# Advice regarding serving ravioli to a catered dinner



## terjemk (Mar 31, 2017)

Hi everyone. This is my first post here on ChefTalk and hope I am in the right forum. 

I am catering a small private party, 15 people and are serving 2 kinds of ravioli, oxtail with buttersage saus and a ricotta/spinach with tomato saus. I would like som advice when it comes to the reheating of the dish. I am not sure if it is best to precook the ravioli before delivery or if its best to leave them fresh in the saus for the customer to reheat before serving (it will be reheated nomatter)

I would love your take on this. 

Regards 

Terjemk


----------



## terjemk (Mar 31, 2017)

Thank you so much for you reply and advice. 

My idea was to deliver the ravioli with the sauce in aluminium foil pans to the guests, they are heating the dish themselves. 

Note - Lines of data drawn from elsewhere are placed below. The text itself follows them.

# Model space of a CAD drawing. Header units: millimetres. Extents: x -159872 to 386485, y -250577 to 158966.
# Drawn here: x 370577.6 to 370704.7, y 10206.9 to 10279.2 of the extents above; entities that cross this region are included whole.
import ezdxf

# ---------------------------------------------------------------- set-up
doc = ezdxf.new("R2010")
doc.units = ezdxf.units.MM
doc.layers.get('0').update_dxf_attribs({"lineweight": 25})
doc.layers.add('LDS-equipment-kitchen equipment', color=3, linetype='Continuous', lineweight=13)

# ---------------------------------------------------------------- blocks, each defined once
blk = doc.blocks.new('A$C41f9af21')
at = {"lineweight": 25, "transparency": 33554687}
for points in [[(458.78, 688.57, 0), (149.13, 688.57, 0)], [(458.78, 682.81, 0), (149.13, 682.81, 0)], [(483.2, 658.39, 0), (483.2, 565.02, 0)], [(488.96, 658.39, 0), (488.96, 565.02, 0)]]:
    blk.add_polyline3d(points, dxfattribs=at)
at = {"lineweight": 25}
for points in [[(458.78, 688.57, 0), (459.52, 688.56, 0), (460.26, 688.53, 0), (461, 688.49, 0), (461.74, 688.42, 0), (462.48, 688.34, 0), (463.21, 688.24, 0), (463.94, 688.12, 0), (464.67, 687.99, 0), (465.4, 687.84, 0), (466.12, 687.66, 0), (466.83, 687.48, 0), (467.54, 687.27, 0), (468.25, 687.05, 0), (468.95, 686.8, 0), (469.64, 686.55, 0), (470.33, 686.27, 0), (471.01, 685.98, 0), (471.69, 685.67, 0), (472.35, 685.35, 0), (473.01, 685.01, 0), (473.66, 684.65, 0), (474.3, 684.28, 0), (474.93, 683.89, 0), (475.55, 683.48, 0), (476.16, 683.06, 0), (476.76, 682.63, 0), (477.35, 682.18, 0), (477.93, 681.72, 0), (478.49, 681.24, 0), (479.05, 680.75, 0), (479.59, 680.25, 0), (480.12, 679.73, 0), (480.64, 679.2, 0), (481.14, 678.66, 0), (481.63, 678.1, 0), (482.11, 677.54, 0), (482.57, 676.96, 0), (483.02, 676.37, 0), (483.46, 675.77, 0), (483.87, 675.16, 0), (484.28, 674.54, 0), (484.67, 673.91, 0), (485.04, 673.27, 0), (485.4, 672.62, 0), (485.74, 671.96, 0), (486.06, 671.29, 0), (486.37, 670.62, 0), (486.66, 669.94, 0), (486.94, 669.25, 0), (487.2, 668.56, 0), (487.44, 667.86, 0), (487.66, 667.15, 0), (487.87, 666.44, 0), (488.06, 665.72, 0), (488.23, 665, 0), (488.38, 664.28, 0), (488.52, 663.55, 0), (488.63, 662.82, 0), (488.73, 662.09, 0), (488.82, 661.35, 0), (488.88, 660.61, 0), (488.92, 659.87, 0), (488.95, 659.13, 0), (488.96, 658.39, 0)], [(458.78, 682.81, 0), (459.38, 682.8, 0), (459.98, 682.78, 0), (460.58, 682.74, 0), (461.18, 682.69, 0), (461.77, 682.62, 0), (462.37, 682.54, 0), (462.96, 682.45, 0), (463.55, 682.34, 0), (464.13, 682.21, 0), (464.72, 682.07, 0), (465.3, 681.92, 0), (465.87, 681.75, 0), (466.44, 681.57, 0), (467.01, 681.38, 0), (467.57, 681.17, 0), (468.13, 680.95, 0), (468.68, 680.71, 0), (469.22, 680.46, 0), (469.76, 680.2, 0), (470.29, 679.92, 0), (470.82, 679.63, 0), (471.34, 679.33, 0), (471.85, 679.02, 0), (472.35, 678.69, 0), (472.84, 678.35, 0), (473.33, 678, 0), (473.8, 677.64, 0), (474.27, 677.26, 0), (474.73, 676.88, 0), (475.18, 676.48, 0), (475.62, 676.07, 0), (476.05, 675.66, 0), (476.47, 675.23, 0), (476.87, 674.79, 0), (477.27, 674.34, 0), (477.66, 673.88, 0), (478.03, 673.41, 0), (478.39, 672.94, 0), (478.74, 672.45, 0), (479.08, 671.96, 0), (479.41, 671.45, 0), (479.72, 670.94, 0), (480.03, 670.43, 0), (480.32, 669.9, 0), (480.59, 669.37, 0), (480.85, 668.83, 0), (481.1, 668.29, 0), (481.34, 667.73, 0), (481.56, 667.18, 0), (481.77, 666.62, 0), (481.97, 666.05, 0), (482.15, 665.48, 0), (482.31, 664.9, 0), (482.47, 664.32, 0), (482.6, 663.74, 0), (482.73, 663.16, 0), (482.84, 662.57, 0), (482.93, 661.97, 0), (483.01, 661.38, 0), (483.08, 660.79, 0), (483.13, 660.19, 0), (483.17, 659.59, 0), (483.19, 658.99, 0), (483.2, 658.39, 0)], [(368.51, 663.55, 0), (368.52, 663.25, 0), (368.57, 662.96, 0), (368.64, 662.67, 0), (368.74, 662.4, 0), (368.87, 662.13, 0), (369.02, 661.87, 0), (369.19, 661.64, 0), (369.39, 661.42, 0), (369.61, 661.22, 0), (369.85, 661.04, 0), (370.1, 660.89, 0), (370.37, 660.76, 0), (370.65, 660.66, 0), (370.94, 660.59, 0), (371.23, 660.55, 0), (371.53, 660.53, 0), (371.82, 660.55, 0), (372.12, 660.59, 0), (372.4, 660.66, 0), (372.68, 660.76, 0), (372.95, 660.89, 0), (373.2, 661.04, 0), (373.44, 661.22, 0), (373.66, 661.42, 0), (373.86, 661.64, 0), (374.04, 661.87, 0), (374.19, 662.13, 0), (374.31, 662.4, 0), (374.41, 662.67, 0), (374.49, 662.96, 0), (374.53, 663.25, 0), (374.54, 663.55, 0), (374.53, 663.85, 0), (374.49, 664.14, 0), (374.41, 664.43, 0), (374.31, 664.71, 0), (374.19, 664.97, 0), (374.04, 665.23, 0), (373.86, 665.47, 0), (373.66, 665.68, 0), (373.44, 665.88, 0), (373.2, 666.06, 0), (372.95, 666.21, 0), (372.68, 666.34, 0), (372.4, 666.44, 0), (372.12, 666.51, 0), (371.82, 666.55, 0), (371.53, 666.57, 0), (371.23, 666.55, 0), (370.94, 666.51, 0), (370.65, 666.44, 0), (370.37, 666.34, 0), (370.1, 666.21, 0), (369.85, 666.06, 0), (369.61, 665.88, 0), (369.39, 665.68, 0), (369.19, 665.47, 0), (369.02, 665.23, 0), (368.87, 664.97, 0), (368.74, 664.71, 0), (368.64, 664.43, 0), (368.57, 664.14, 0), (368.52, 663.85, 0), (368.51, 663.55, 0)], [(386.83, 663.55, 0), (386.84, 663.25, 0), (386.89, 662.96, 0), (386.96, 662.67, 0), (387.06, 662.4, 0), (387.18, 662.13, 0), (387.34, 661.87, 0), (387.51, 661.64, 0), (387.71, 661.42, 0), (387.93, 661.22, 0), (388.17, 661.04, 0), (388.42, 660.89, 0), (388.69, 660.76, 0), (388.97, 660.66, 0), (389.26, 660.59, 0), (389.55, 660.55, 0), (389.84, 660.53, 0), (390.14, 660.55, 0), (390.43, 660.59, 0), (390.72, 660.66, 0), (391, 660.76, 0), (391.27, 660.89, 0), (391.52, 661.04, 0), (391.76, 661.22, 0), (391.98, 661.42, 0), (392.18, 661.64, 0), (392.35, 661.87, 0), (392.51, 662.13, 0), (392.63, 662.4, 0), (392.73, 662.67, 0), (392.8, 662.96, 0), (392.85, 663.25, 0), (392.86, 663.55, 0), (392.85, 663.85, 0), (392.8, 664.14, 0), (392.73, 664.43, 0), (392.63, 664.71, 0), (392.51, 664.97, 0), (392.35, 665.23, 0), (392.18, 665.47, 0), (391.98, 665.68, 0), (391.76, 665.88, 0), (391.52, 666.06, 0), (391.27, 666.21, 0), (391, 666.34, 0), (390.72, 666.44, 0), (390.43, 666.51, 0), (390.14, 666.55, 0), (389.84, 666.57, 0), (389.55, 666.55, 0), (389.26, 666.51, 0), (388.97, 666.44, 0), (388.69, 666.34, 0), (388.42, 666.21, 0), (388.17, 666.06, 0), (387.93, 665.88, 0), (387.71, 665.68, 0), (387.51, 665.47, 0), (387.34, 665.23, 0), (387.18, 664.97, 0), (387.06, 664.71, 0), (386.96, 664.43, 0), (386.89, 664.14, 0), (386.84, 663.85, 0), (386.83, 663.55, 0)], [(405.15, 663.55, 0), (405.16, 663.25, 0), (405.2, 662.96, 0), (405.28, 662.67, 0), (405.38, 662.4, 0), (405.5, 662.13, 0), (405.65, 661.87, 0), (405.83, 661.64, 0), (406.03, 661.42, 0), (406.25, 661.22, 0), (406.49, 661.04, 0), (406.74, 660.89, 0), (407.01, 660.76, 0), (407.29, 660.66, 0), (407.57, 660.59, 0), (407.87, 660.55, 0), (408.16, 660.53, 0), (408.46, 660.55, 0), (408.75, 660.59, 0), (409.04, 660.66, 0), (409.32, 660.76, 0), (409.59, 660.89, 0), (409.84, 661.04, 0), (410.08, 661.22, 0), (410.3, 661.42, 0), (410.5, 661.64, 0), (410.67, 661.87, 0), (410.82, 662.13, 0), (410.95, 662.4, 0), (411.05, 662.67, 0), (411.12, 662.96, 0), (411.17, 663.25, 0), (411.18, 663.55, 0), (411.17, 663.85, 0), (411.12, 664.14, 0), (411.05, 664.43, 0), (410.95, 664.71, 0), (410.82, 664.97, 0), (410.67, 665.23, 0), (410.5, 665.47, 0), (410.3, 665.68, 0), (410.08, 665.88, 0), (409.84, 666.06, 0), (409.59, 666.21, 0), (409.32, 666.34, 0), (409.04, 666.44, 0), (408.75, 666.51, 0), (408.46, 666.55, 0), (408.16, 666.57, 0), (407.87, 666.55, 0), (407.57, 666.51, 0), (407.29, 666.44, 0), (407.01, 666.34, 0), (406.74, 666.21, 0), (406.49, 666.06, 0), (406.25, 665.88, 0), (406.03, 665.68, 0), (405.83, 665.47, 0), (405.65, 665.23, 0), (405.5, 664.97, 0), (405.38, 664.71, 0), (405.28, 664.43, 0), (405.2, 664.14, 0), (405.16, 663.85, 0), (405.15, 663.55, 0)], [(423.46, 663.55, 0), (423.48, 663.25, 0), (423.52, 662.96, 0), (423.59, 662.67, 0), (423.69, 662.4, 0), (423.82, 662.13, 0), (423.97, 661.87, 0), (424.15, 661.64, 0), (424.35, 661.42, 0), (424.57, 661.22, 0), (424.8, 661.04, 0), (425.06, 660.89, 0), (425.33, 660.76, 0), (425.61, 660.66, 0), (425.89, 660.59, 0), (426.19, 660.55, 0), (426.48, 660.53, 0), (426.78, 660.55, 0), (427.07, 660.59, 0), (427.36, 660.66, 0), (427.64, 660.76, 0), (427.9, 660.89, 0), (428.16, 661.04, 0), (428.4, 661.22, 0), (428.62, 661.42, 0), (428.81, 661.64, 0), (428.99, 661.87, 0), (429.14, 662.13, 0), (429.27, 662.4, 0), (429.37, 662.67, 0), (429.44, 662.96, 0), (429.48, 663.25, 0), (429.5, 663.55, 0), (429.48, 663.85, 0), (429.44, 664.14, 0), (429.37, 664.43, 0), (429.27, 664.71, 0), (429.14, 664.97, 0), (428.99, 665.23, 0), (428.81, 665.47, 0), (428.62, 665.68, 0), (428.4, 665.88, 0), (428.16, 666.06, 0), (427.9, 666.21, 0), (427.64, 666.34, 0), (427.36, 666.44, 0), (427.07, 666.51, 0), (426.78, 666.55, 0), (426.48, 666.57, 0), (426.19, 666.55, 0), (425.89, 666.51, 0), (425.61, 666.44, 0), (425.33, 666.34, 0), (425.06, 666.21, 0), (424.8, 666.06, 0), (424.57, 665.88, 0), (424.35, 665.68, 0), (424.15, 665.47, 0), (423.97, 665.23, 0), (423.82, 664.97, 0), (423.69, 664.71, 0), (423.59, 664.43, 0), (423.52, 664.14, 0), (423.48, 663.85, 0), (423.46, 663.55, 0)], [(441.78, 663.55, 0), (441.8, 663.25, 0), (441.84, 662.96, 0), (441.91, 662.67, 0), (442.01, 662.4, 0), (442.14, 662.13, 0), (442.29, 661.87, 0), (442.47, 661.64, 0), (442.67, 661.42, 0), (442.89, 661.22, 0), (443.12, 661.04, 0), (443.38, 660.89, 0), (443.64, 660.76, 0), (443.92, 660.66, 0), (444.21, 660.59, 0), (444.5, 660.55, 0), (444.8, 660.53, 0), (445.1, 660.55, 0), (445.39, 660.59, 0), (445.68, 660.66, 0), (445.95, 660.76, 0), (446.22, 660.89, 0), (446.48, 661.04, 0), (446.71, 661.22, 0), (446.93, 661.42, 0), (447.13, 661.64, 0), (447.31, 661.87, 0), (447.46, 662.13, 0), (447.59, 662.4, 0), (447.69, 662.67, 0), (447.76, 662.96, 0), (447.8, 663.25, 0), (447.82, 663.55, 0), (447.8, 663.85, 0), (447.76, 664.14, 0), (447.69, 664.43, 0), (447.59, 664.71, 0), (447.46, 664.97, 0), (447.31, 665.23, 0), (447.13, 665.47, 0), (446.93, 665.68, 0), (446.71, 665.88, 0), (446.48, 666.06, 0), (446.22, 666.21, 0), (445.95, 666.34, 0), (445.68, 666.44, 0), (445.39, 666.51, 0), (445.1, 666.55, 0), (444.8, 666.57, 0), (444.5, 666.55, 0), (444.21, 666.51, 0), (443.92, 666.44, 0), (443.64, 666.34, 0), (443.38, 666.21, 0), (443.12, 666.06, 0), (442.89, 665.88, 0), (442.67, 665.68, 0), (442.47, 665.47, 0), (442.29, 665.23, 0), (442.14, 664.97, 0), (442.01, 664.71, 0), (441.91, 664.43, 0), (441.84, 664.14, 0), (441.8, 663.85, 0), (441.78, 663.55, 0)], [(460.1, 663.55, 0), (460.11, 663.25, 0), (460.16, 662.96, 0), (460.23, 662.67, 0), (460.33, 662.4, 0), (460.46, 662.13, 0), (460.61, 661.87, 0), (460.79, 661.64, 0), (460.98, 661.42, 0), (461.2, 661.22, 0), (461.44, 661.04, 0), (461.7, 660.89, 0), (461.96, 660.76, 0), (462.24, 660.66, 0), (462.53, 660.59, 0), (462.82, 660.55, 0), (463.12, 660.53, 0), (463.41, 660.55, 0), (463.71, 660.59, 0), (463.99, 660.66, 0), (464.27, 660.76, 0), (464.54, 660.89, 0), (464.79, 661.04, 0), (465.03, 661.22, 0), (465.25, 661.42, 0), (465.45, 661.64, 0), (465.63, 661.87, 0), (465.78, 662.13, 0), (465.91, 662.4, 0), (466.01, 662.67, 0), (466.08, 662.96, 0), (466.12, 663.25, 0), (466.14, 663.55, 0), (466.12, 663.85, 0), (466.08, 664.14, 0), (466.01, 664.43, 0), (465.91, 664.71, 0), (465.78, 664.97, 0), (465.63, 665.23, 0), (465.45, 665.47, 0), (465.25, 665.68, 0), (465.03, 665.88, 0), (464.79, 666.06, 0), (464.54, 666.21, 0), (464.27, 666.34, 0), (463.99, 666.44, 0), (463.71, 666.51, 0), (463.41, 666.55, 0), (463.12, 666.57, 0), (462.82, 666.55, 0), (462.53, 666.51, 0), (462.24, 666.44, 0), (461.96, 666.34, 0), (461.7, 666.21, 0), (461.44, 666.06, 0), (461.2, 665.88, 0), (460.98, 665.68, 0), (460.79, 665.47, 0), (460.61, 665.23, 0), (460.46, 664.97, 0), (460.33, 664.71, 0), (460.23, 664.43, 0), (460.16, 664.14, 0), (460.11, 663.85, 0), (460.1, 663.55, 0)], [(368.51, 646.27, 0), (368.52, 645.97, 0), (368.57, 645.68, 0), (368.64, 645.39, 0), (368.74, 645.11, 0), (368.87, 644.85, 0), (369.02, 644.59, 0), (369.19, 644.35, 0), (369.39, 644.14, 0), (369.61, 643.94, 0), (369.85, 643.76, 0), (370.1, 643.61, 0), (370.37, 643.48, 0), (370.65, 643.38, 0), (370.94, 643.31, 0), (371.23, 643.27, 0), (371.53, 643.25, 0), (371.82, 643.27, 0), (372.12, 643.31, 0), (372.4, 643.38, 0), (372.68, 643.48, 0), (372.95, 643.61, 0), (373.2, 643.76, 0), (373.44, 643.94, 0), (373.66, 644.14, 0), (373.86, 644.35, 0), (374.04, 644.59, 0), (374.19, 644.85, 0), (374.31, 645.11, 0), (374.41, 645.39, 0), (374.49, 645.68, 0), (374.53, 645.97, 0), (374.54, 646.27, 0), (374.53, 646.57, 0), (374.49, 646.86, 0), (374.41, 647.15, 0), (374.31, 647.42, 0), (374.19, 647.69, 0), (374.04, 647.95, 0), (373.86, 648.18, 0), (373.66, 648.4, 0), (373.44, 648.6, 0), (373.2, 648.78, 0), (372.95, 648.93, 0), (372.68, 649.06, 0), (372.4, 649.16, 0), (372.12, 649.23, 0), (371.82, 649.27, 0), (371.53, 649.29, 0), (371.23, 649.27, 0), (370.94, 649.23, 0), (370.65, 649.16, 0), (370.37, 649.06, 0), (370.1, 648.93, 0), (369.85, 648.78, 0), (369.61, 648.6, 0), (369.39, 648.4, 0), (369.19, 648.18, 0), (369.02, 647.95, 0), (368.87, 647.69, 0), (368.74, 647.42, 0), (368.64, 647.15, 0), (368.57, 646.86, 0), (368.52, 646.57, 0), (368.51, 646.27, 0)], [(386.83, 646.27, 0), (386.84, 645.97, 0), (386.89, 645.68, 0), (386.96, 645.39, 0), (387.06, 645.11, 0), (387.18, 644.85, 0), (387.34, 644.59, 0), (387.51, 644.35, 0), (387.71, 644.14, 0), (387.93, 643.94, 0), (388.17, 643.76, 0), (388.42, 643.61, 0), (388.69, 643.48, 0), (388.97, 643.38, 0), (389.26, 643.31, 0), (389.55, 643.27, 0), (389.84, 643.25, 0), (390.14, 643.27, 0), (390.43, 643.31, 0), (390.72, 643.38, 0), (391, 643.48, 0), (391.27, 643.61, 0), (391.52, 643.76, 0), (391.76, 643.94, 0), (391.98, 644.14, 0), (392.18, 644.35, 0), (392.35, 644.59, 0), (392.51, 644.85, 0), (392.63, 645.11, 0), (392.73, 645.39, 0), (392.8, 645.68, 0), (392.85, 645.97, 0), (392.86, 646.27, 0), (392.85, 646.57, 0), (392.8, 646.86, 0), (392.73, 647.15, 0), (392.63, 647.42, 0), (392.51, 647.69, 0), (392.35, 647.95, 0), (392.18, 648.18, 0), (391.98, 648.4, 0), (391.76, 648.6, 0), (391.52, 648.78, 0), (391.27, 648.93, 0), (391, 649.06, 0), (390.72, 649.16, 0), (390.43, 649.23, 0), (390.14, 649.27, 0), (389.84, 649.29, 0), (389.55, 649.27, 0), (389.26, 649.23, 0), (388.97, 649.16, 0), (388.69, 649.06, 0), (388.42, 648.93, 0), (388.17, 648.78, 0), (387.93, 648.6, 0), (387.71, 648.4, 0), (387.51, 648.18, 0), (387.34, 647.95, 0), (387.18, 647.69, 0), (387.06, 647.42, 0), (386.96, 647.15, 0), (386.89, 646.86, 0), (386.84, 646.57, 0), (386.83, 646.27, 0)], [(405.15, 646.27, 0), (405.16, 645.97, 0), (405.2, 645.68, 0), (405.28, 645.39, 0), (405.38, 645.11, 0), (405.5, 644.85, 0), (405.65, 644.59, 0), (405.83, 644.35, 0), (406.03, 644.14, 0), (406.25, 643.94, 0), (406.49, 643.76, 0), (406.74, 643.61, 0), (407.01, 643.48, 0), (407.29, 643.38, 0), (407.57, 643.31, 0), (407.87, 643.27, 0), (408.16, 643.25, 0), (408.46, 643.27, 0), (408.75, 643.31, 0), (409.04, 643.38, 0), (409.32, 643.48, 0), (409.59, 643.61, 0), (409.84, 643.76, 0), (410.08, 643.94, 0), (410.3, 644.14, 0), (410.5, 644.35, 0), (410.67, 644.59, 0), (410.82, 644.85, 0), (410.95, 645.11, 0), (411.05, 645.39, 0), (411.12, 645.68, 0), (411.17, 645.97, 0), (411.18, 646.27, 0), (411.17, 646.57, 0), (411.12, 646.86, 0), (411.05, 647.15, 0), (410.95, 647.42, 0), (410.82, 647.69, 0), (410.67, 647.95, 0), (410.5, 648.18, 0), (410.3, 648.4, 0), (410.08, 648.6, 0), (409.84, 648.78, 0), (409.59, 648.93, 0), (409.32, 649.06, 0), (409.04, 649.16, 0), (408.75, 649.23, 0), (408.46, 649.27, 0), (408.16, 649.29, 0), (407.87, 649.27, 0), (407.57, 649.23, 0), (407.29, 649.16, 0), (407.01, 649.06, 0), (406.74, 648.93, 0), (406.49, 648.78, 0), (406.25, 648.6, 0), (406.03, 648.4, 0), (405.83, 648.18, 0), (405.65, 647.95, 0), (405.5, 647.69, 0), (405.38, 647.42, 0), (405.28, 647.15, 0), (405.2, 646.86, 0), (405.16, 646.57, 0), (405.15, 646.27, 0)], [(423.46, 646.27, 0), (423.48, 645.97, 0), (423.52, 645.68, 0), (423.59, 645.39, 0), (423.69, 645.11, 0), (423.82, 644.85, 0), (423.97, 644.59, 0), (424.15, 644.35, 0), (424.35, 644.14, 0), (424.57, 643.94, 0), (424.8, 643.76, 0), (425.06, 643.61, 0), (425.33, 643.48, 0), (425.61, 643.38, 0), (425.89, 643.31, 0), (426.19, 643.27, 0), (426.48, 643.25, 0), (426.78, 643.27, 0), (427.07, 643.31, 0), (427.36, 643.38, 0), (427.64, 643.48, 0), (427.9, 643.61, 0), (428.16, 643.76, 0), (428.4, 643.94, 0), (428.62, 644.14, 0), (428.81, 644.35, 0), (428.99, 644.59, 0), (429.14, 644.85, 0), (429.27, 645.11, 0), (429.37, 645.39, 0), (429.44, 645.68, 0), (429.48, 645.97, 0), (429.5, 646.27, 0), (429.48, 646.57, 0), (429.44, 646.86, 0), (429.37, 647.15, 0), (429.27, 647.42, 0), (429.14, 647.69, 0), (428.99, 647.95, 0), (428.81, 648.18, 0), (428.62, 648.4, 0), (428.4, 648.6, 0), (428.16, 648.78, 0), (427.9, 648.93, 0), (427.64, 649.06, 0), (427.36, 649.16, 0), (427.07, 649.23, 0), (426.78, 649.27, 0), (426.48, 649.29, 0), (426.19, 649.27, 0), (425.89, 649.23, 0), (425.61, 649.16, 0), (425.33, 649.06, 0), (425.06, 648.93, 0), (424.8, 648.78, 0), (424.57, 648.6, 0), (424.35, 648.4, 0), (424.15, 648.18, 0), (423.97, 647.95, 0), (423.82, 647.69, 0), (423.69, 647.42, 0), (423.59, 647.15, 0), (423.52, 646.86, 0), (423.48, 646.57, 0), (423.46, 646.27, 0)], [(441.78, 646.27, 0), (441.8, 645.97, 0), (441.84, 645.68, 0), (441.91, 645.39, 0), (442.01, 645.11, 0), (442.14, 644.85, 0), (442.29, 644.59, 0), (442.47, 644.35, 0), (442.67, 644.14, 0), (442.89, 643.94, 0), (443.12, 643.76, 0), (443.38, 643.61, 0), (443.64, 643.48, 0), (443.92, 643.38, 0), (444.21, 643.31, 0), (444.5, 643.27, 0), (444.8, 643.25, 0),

So I guess the best thing is to just leave the raviloi raw in cooled saus and leave instructions for heating? 

Again thanks for your advice.


----------



## chefross (May 5, 2010)

I would be cautious with ravioli in sauce for any length of time, especially warm.

The pasta will continue to absorb sauce and become a pasty mess.

I would package the pasta and sauce separately...

Or, if the travel time is short enough, you could place the raviolis in the sauce *raw*, cover with foil, transport with instructions to heat for so many minutes until cooked through.


----------



## terjemk (Mar 31, 2017)

Hi Chefross!

Yes my plan now is to lay the ravioli raw in the cooled saus with instructions to heat it. The transport is abut 30 min so i think that would work?


----------



## flipflopgirl (Jun 27, 2012)

Terjemk said:


> Hi Chefross!
> 
> Yes my plan now is to lay the ravioli raw in the cooled saus with instructions to heat it. The transport is abut 30 min so i think that would work?


Should.

Make sure you keep your temps in the safe zone.

mimi


----------



## terjemk (Mar 31, 2017)

Hi guys. 

Just wanted to say thank you for your advice and let you know that I ended up quickly cook the ravioli and transporting them seperat from the sauces leaving the customer with instructions to heat. 

And just for laugh, as I deliver the food the hostess turns out to be Italian!!!! And I have never even been to Italy and here I have made her ravioli and an Italian inspired menu! I almost dropped dead. 

BUT! Just got feedback that her and her guest was very pleased with the meal and gave great reviews. 

Isn´t life just fun and funny!

Have a great day.


----------



## flipflopgirl (Jun 27, 2012)

Save that one till that rainy day when everything you touch either burns or crumbles lol.

/img/vbsmilies/smilies/smile.gif

mimi


----------